Task objective:
Among the records that follow, find the line with "RF_BPF: C404.2, FL401.5 (RF_OUT)" and the line with "RF Signal Input and Filtering". Set down those lines and all lines between them exactly, without adding anything.

Stored items from a collection:
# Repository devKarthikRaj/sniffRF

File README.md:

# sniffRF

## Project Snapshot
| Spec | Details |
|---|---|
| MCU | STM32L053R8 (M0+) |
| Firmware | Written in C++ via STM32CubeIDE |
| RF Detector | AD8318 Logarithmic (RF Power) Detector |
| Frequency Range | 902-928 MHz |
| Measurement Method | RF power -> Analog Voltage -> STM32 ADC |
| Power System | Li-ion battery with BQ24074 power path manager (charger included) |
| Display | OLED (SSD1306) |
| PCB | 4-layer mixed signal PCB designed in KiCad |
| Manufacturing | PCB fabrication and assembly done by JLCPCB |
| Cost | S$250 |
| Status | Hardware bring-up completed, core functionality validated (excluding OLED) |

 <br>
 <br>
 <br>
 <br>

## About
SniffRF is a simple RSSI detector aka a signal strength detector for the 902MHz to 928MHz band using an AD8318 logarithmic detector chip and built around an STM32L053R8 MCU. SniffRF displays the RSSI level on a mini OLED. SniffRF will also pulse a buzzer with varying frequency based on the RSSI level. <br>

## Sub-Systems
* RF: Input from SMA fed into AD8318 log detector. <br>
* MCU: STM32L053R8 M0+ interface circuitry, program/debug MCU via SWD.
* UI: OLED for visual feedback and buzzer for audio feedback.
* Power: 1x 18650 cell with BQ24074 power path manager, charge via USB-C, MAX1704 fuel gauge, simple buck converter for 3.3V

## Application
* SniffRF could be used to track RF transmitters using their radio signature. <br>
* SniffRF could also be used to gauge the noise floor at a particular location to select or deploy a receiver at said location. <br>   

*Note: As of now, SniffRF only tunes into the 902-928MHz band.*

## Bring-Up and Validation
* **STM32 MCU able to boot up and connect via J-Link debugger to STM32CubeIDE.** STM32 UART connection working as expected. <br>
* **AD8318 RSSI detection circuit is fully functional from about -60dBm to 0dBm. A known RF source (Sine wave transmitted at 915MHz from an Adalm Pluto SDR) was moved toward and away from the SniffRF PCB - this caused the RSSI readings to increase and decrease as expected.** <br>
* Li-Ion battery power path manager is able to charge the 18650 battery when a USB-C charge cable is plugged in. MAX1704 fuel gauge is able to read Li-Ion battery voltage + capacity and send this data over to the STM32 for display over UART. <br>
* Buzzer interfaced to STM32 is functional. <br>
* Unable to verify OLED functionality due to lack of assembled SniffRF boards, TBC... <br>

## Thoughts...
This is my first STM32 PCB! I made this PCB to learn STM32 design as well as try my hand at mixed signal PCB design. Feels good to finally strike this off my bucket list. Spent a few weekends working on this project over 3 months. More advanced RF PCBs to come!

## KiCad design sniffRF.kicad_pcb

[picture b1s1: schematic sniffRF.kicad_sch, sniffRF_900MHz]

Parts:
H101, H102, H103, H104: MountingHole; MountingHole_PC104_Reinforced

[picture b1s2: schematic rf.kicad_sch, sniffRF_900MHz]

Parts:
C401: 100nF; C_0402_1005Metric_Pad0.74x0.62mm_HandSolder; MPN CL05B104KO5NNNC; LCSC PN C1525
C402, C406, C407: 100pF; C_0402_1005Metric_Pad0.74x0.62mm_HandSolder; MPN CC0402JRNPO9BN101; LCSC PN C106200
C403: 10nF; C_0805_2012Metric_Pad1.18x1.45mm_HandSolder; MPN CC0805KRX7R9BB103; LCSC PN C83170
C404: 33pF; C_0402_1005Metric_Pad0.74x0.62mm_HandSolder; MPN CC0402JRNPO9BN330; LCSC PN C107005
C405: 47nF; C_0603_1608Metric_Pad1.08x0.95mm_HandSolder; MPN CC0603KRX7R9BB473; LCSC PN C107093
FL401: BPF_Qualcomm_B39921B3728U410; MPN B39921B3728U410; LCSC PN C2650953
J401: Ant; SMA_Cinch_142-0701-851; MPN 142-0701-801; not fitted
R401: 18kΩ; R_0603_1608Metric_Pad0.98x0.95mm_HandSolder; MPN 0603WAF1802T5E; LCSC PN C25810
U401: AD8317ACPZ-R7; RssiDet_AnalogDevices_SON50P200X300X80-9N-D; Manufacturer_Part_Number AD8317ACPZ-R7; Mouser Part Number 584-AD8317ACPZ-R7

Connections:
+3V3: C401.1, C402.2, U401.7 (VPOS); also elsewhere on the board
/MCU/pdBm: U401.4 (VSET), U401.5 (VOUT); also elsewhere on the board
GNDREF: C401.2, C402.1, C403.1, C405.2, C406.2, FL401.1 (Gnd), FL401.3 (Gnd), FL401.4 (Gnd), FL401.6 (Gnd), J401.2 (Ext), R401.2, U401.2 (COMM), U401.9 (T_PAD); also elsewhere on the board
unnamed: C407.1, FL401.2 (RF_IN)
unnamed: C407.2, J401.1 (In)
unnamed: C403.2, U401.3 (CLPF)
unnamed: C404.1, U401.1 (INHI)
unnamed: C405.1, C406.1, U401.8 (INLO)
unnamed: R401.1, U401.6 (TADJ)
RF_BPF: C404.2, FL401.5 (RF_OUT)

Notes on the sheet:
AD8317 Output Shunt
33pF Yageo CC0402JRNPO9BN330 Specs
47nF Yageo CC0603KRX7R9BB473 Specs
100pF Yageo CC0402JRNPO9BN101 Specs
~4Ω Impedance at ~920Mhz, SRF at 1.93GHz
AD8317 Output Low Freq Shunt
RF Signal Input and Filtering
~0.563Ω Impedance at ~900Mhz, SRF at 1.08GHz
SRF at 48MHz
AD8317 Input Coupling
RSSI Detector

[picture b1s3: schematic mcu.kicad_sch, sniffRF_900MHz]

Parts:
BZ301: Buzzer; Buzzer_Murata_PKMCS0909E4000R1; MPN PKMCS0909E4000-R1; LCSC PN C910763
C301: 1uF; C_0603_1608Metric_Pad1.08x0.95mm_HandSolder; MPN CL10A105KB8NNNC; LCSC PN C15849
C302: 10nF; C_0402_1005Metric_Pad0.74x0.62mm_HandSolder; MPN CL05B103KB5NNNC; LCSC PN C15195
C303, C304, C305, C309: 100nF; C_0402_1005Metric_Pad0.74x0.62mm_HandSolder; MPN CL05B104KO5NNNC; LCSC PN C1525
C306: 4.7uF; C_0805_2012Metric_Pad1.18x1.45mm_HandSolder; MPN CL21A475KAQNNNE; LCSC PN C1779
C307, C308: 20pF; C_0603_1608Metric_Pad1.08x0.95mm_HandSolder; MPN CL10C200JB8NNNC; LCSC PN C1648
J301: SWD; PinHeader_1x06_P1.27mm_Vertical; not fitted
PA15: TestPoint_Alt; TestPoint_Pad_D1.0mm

The completed task:
RF_BPF: C404.2, FL401.5 (RF_OUT)

Notes on the sheet:
AD8317 Output Shunt
33pF Yageo CC0402JRNPO9BN330 Specs
47nF Yageo CC0603KRX7R9BB473 Specs
100pF Yageo CC0402JRNPO9BN101 Specs
~4Ω Impedance at ~920Mhz, SRF at 1.93GHz
AD8317 Output Low Freq Shunt
RF Signal Input and Filtering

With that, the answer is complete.